Arkansas Democrat-Gazette

More autonomous cars on the road

Amnon Shashua CEO Mobileye

- Interviewe­d by Tom Krisher. Edited for clarity and length.

Five years ago, tech and auto companies thought they were about to put self-driving robotaxis on the street to carry passengers without a human driver.

Then an Uber autonomous test vehicle hit and killed a pedestrian in Arizona.

Yet the technology is moving ahead, says Amnon Shashua, co-founder and CEO of Mobileye, which has pioneered partially automated driver-assist systems and fully autonomous technology.

Shashua talked with The Associated Press about the next steps toward autonomous vehicles.

With problems at Cruise and recalls of Tesla’s partially automated driving systems, what do you see as the future of autonomous vehicles?

I would frame it as three stories. The first one is about safety. Today you have a front-facing camera, sometimes the front-facing radar. There are functions that enable accident avoidance. You can take safety to a much higher degree by having multiple cameras around the car and provide a much higher level of safety. An accident would be very rare. The second story is to add more redundant sensors like a front-facing lidar (laser), like imaging radars and start enabling an eyes-off (the road) system so it’s hands-free, hands-off (the steering wheel). You are allowed legally not to pay attention and not to be responsibl­e for driving on certain roads. It could start from highways and then add secondary roads... Then comes this third story. This is the robotaxi where there’s no driver, and we are utilizing the car to a much higher level and enable moving people like Uber and Lyft at a much more efficient, economical state because you don’t have a driver.
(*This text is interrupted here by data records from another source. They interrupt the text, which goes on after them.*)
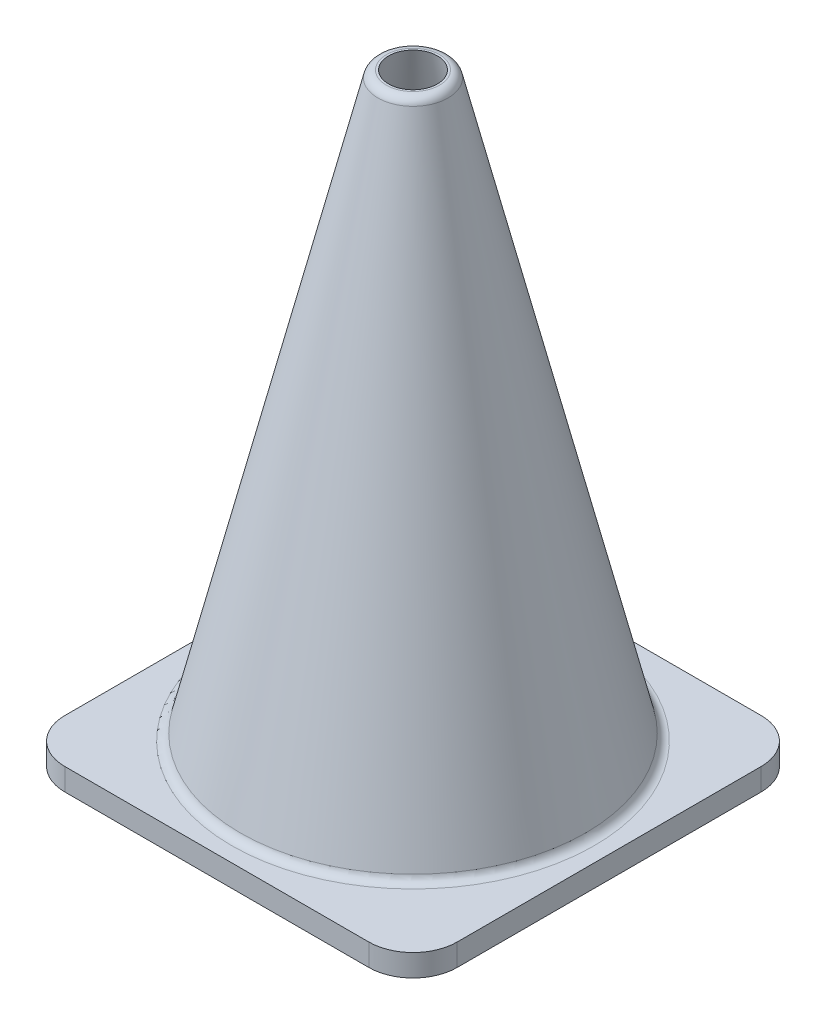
ISO-10303-21;
HEADER;
FILE_DESCRIPTION(('STEP AP214'),'2;1');
FILE_NAME('part.step','',(''),(''),'','','');
FILE_SCHEMA(('AUTOMOTIVE_DESIGN { 1 0 10303 214 1 1 1 1 }'));
ENDSEC;
DATA;
#1=APPLICATION_CONTEXT('core data for automotive mechanical design processes');
#2=APPLICATION_PROTOCOL_DEFINITION('international standard','automotive_design',2000,#1);
#3=PRODUCT_CONTEXT('',#1,'mechanical');
#4=PRODUCT('Part','Part','',(#3));
#5=PRODUCT_RELATED_PRODUCT_CATEGORY('part','',(#4));
#6=PRODUCT_DEFINITION_FORMATION('','',#4);
#7=PRODUCT_DEFINITION_CONTEXT('part definition',#1,'design');
#8=PRODUCT_DEFINITION('design','',#6,#7);
#9=PRODUCT_DEFINITION_SHAPE('','',#8);
#10=(LENGTH_UNIT() NAMED_UNIT(*) SI_UNIT(.MILLI.,.METRE.));
#11=(NAMED_UNIT(*) PLANE_ANGLE_UNIT() SI_UNIT($,.RADIAN.));
#12=(NAMED_UNIT(*) SI_UNIT($,.STERADIAN.) SOLID_ANGLE_UNIT());
#13=UNCERTAINTY_MEASURE_WITH_UNIT(LENGTH_MEASURE(1.E-05),#10,'distance_accuracy_value','');
#14=(GEOMETRIC_REPRESENTATION_CONTEXT(3) GLOBAL_UNCERTAINTY_ASSIGNED_CONTEXT((#13)) GLOBAL_UNIT_ASSIGNED_CONTEXT((#10,
#11,#12)) REPRESENTATION_CONTEXT('',''));
#15=CARTESIAN_POINT('',(0.,0.,0.));
#16=DIRECTION('',(0.,0.,1.));
#17=DIRECTION('',(1.,0.,0.));
#18=AXIS2_PLACEMENT_3D('',#15,#16,#17);
#19=CARTESIAN_POINT('',(0.,50.8,0.));
#20=DIRECTION('',(0.,-1.,0.));
#21=DIRECTION('',(0.,0.,-1.));
#22=AXIS2_PLACEMENT_3D('',#19,#20,#21);
#23=PLANE('',#22);
#24=CARTESIAN_POINT('',(0.,50.8,0.));
#25=DIRECTION('',(0.,-1.,0.));
#26=DIRECTION('',(0.,0.,-1.));
#27=AXIS2_PLACEMENT_3D('',#24,#25,#26);
#28=CIRCLE('',#27,2.31873017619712);
#29=CARTESIAN_POINT('',(0.,50.8,-2.31873017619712));
#30=VERTEX_POINT('',#29);
#31=EDGE_CURVE('E270',#30,#30,#28,.F.);
#32=ORIENTED_EDGE('',*,*,#31,.T.);
#33=EDGE_LOOP('',(#32));
#34=FACE_BOUND('',#33,.T.);
#35=CARTESIAN_POINT('',(0.,50.8,0.));
#36=DIRECTION('',(0.,-1.,0.));
#37=DIRECTION('',(0.,0.,-1.));
#38=AXIS2_PLACEMENT_3D('',#35,#36,#37);
#39=CIRCLE('',#38,2.13155859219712);
#40=CARTESIAN_POINT('',(0.,50.8,-2.13155859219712));
#41=VERTEX_POINT('',#40);
#42=EDGE_CURVE('E195',#41,#41,#39,.F.);
#43=ORIENTED_EDGE('',*,*,#42,.F.);
#44=EDGE_LOOP('',(#43));
#45=FACE_BOUND('',#44,.T.);
#46=ADVANCED_FACE('F32',(#34,#45),#23,.F.);
#47=CARTESIAN_POINT('',(17.145,-1.9304,-17.145));
#48=DIRECTION('',(0.,1.,0.));
#49=DIRECTION('',(0.,0.,1.));
#50=AXIS2_PLACEMENT_3D('',#47,#48,#49);
#51=PLANE('',#50);
#52=DIRECTION('',(-1.,0.,0.));
#53=VECTOR('',#52,1.);
#54=CARTESIAN_POINT('',(17.145,-1.9304,17.145));
#55=LINE('',#54,#53);
#56=CARTESIAN_POINT('',(13.2842,-1.9304,17.145));
#57=VERTEX_POINT('',#56);
#58=CARTESIAN_POINT('',(-13.2842,-1.9304,17.145));
#59=VERTEX_POINT('',#58);
#60=EDGE_CURVE('E217',#57,#59,#55,.T.);
#61=ORIENTED_EDGE('',*,*,#60,.T.);
#62=CARTESIAN_POINT('',(-13.2842,-1.9304,13.2842));
#63=DIRECTION('',(0.,1.,0.));
#64=DIRECTION('',(0.,0.,1.));
#65=AXIS2_PLACEMENT_3D('',#62,#63,#64);
#66=CIRCLE('',#65,3.8608);
#67=CARTESIAN_POINT('',(-17.145,-1.9304,13.2842));
#68=VERTEX_POINT('',#67);
#69=EDGE_CURVE('E259',#59,#68,#66,.F.);
#70=ORIENTED_EDGE('',*,*,#69,.T.);
#71=DIRECTION('',(0.,0.,-1.));
#72=VECTOR('',#71,1.);
#73=CARTESIAN_POINT('',(-17.145,-1.9304,17.145));
#74=LINE('',#73,#72);
#75=CARTESIAN_POINT('',(-17.145,-1.9304,-13.2842));
#76=VERTEX_POINT('',#75);
#77=EDGE_CURVE('E221',#68,#76,#74,.T.);
#78=ORIENTED_EDGE('',*,*,#77,.T.);
#79=CARTESIAN_POINT('',(-13.2842,-1.9304,-13.2842));
#80=DIRECTION('',(0.,1.,0.));
#81=DIRECTION('',(0.,0.,1.));
#82=AXIS2_PLACEMENT_3D('',#79,#80,#81);
#83=CIRCLE('',#82,3.8608);
#84=CARTESIAN_POINT('',(-13.2842,-1.9304,-17.145));
#85=VERTEX_POINT('',#84);
#86=EDGE_CURVE('E253',#76,#85,#83,.F.);
#87=ORIENTED_EDGE('',*,*,#86,.T.);
#88=DIRECTION('',(1.,0.,0.));
#89=VECTOR('',#88,1.);
#90=CARTESIAN_POINT('',(17.145,-1.9304,-17.145));
#91=LINE('',#90,#89);
#92=CARTESIAN_POINT('',(13.2842,-1.9304,-17.145));
#93=VERTEX_POINT('',#92);
#94=EDGE_CURVE('E224',#85,#93,#91,.T.);
#95=ORIENTED_EDGE('',*,*,#94,.T.);
#96=CARTESIAN_POINT('',(13.2842,-1.9304,-13.2842));
#97=DIRECTION('',(0.,1.,0.));
#98=DIRECTION('',(0.,0.,1.));
#99=AXIS2_PLACEMENT_3D('',#96,#97,#98);
#100=CIRCLE('',#99,3.8608);
#101=CARTESIAN_POINT('',(17.145,-1.9304,-13.2842));
#102=VERTEX_POINT('',#101);
#103=EDGE_CURVE('E255',#93,#102,#100,.F.);
#104=ORIENTED_EDGE('',*,*,#103,.T.);
#105=DIRECTION('',(0.,0.,1.));
#106=VECTOR('',#105,1.);
#107=CARTESIAN_POINT('',(17.145,-1.9304,17.145));
#108=LINE('',#107,#106);
#109=CARTESIAN_POINT('',(17.145,-1.9304,13.2842));
#110=VERTEX_POINT('',#109);
#111=EDGE_CURVE('E214',#102,#110,#108,.T.);
#112=ORIENTED_EDGE('',*,*,#111,.T.);
#113=CARTESIAN_POINT('',(13.2842,-1.9304,13.2842));
#114=DIRECTION('',(0.,1.,0.));
#115=DIRECTION('',(0.,0.,1.));
#116=AXIS2_PLACEMENT_3D('',#113,#114,#115);
#117=CIRCLE('',#116,3.8608);
#118=EDGE_CURVE('E257',#110,#57,#117,.F.);
#119=ORIENTED_EDGE('',*,*,#118,.T.);
#120=EDGE_LOOP('',(#61,#70,#78,#87,#95,#104,#112,#119));
#121=FACE_BOUND('',#120,.T.);
#122=DIRECTION('',(-1.,0.,0.));
#123=VECTOR('',#122,1.);
#124=CARTESIAN_POINT('',(17.145,-1.9304,16.37284));
#125=LINE('',#124,#123);
#126=CARTESIAN_POINT('',(13.2842,-1.9304,16.37284));
#127=VERTEX_POINT('',#126);
#128=CARTESIAN_POINT('',(-13.2842,-1.9304,16.37284));
#129=VERTEX_POINT('',#128);
#130=EDGE_CURVE('E174',#127,#129,#125,.T.);
#131=ORIENTED_EDGE('',*,*,#130,.F.);
#132=CARTESIAN_POINT('',(13.2842,-1.9304,13.2842));
#133=DIRECTION('',(0.,1.,0.));
#134=DIRECTION('',(0.,0.,1.));
#135=AXIS2_PLACEMENT_3D('',#132,#133,#134);
#136=CIRCLE('',#135,3.08864);
#137=CARTESIAN_POINT('',(16.37284,-1.9304,13.2842));
#138=VERTEX_POINT('',#137);
#139=EDGE_CURVE('E202',#138,#127,#136,.F.);
#140=ORIENTED_EDGE('',*,*,#139,.F.);
#141=DIRECTION('',(0.,0.,1.));
#142=VECTOR('',#141,1.);
#143=CARTESIAN_POINT('',(16.37284,-1.9304,-17.145));
#144=LINE('',#143,#142);
#145=CARTESIAN_POINT('',(16.37284,-1.9304,-13.2842));
#146=VERTEX_POINT('',#145);
#147=EDGE_CURVE('E47',#146,#138,#144,.T.);
#148=ORIENTED_EDGE('',*,*,#147,.F.);
#149=CARTESIAN_POINT('',(13.2842,-1.9304,-13.2842));
#150=DIRECTION('',(0.,1.,0.));
#151=DIRECTION('',(0.,0.,1.));
#152=AXIS2_PLACEMENT_3D('',#149,#150,#151);
#153=CIRCLE('',#152,3.08864);
#154=CARTESIAN_POINT('',(13.2842,-1.9304,-16.37284));
#155=VERTEX_POINT('',#154);
#156=EDGE_CURVE('E178',#155,#146,#153,.F.);
#157=ORIENTED_EDGE('',*,*,#156,.F.);
#158=DIRECTION('',(1.,0.,0.));
#159=VECTOR('',#158,1.);
#160=CARTESIAN_POINT('',(17.145,-1.9304,-16.37284));
#161=LINE('',#160,#159);
#162=CARTESIAN_POINT('',(-13.2842,-1.9304,-16.37284));
#163=VERTEX_POINT('',#162);
#164=EDGE_CURVE('E187',#163,#155,#161,.T.);
#165=ORIENTED_EDGE('',*,*,#164,.F.);
#166=CARTESIAN_POINT('',(-13.2842,-1.9304,-13.2842));
#167=DIRECTION('',(0.,1.,0.));
#168=DIRECTION('',(0.,0.,1.));
#169=AXIS2_PLACEMENT_3D('',#166,#167,#168);
#170=CIRCLE('',#169,3.08864);
#171=CARTESIAN_POINT('',(-16.37284,-1.9304,-13.2842));
#172=VERTEX_POINT('',#171);
#173=EDGE_CURVE('E176',#172,#163,#170,.F.);
#174=ORIENTED_EDGE('',*,*,#173,.F.);
#175=DIRECTION('',(0.,0.,-1.));
#176=VECTOR('',#175,1.);
#177=CARTESIAN_POINT('',(-16.37284,-1.9304,-17.145));
#178=LINE('',#177,#176);
#179=CARTESIAN_POINT('',(-16.37284,-1.9304,13.2842));
#180=VERTEX_POINT('',#179);
#181=EDGE_CURVE('E206',#180,#172,#178,.T.);
#182=ORIENTED_EDGE('',*,*,#181,.F.);
#183=CARTESIAN_POINT('',(-13.2842,-1.9304,13.2842));
#184=DIRECTION('',(0.,1.,0.));
#185=DIRECTION('',(0.,0.,1.));
#186=AXIS2_PLACEMENT_3D('',#183,#184,#185);
#187=CIRCLE('',#186,3.08864);
#188=EDGE_CURVE('E204',#129,#180,#187,.F.);
#189=ORIENTED_EDGE('',*,*,#188,.F.);
#190=EDGE_LOOP('',(#131,#140,#148,#157,#165,#174,#182,#189));
#191=FACE_BOUND('',#190,.T.);
#192=ADVANCED_FACE('F289',(#121,#191),#51,.F.);
#193=CARTESIAN_POINT('',(0.,0.,0.));
#194=DIRECTION('',(0.,-1.,0.));
#195=DIRECTION('',(0.,0.,-1.));
#196=AXIS2_PLACEMENT_3D('',#193,#194,#195);
#197=CONICAL_SURFACE('',#196,15.24,0.23781303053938);
#198=CARTESIAN_POINT('',(0.,50.2097437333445,0.));
#199=DIRECTION('',(0.,1.,0.));
#200=DIRECTION('',(0.,0.,1.));
#201=AXIS2_PLACEMENT_3D('',#198,#199,#200);
#202=CIRCLE('',#201,3.0691581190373);
#203=CARTESIAN_POINT('',(0.,50.2097437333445,-3.06915811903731));
#204=VERTEX_POINT('',#203);
#205=EDGE_CURVE('E40',#204,#204,#202,.F.);
#206=CARTESIAN_POINT('',(0.,0.590256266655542,0.));
#207=DIRECTION('',(0.,1.,0.));
#208=DIRECTION('',(0.,0.,1.));
#209=AXIS2_PLACEMENT_3D('',#206,#207,#208);
#210=CIRCLE('',#209,15.0969218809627);
#211=CARTESIAN_POINT('',(0.,0.590256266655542,-15.0969218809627));
#212=VERTEX_POINT('',#211);
#213=EDGE_CURVE('E273',#212,#212,#210,.T.);
#214=CARTESIAN_POINT('',(0.,50.2097437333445,-3.06915811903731));
#215=CARTESIAN_POINT('',(0.,49.6928740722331,-3.19444732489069));
#216=CARTESIAN_POINT('',(0.,49.1760044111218,-3.31973653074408));
#217=CARTESIAN_POINT('',(0.,48.1422650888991,-3.57031494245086));
#218=CARTESIAN_POINT('',(0.,47.6253954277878,-3.69560414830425));
#219=CARTESIAN_POINT('',(0.,46.5916561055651,-3.94618256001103));
#220=CARTESIAN_POINT('',(0.,46.0747864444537,-4.07147176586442));
#221=CARTESIAN_POINT('',(0.,45.041047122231,-4.3220501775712));
#222=CARTESIAN_POINT('',(0.,44.5241774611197,-4.44733938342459));
#223=CARTESIAN_POINT('',(0.,43.490438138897,-4.69791779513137));
#224=CARTESIAN_POINT('',(0.,42.9735684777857,-4.82320700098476));
#225=CARTESIAN_POINT('',(0.,41.939829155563,-5.07378541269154));
#226=CARTESIAN_POINT('',(0.,41.4229594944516,-5.19907461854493));
#227=CARTESIAN_POINT('',(0.,40.389220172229,-5.44965303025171));
#228=CARTESIAN_POINT('',(0.,39.8723505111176,-5.5749422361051));
#229=CARTESIAN_POINT('',(0.,38.8386111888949,-5.82552064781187));
#230=CARTESIAN_POINT('',(0.,38.3217415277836,-5.95080985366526));
#231=CARTESIAN_POINT('',(0.,37.2880022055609,-6.20138826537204));
#232=CARTESIAN_POINT('',(0.,36.7711325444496,-6.32667747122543));
#233=CARTESIAN_POINT('',(0.,35.7373932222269,-6.57725588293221));
#234=CARTESIAN_POINT('',(0.,35.2205235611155,-6.7025450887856));
#235=CARTESIAN_POINT('',(0.,34.1867842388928,-6.95312350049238));
#236=CARTESIAN_POINT('',(0.,33.6699145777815,-7.07841270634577));
#237=CARTESIAN_POINT('',(0.,32.6361752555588,-7.32899111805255));
#238=CARTESIAN_POINT('',(0.,32.1193055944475,-7.45428032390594));
#239=CARTESIAN_POINT('',(0.,31.0855662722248,-7.70485873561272));
#240=CARTESIAN_POINT('',(0.,30.5686966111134,-7.83014794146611));
#241=CARTESIAN_POINT('',(0.,29.5349572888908,-8.08072635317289));
#242=CARTESIAN_POINT('',(0.,29.0180876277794,-8.20601555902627));
#243=CARTESIAN_POINT('',(0.,27.9843483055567,-8.45659397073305));
#244=CARTESIAN_POINT('',(0.,27.4674786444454,-8.58188317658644));
#245=CARTESIAN_POINT('',(0.,26.4337393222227,-8.83246158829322));
#246=CARTESIAN_POINT('',(0.,25.9168696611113,-8.95775079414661));
#247=CARTESIAN_POINT('',(0.,24.8831303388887,-9.20832920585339));
#248=CARTESIAN_POINT('',(0.,24.3662606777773,-9.33361841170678));
#249=CARTESIAN_POINT('',(0.,23.3325213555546,-9.58419682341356));
#250=CARTESIAN_POINT('',(0.,22.8156516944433,-9.70948602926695));
#251=CARTESIAN_POINT('',(0.,21.7819123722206,-9.96006444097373));
#252=CARTESIAN_POINT('',(0.,21.2650427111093,-10.0853536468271));
#253=CARTESIAN_POINT('',(0.,20.2313033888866,-10.3359320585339));
#254=CARTESIAN_POINT('',(0.,19.7144337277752,-10.4612212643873));
#255=CARTESIAN_POINT('',(0.,18.6806944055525,-10.7117996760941));
#256=CARTESIAN_POINT('',(0.,18.1638247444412,-10.8370888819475));
#257=CARTESIAN_POINT('',(0.,17.1300854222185,-11.0876672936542));
#258=CARTESIAN_POINT('',(0.,16.6132157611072,-11.2129564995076));
#259=CARTESIAN_POINT('',(0.,15.5794764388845,-11.4635349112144));
#260=CARTESIAN_POINT('',(0.,15.0626067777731,-11.5888241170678));
#261=CARTESIAN_POINT('',(0.,14.0288674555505,-11.8394025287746));
#262=CARTESIAN_POINT('',(0.,13.5119977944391,-11.964691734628));
#263=CARTESIAN_POINT('',(0.,12.4782584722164,-12.2152701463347));
#264=CARTESIAN_POINT('',(0.,11.9613888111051,-12.3405593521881));
#265=CARTESIAN_POINT('',(0.,10.9276494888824,-12.5911377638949));
#266=CARTESIAN_POINT('',(0.,10.4107798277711,-12.7164269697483));
#267=CARTESIAN_POINT('',(0.,9.37704050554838,-12.9670053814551));
#268=CARTESIAN_POINT('',(0.,8.86017084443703,-13.0922945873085));
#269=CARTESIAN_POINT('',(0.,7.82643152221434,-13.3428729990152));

When do you see a lot of fully autonomous vehicles on the roads?

If you look at the success of Waymo, its challenge is not technologi­cal. It’s more about how to scale and build a business. Deployment of these kinds of robotaxis is slower than originally expected five years ago. But it is something that is really, really happening. Mobileye is working with Volkswagen on the ID. Buzz (van) to start deploying thousands of such vehicles in 2026.

Will Mobileye be responsibl­e legally for the eyes-off system, or is the automaker?

If a driver works on a smartphone and there is an accident, you cannot come to the driver and say you are responsibl­e, because I allowed you to do something else. So this means that the bar in terms of performanc­e of the system ... should be very high, much higher than human statistics.

What do you think of Tesla’s Autopilot and “Full Self-Driving”?

Tesla’s technical capabiliti­es are very high. The question is whether this kind of system powered by only cameras can eventually be an eyes-off. This is where we part ways. We believe that we need additional sensors for redundancy. It’s not just a matter of improving the algorithms, adding more compute. You need to create redundanci­es, from a sensor point of view and from the compute point of view.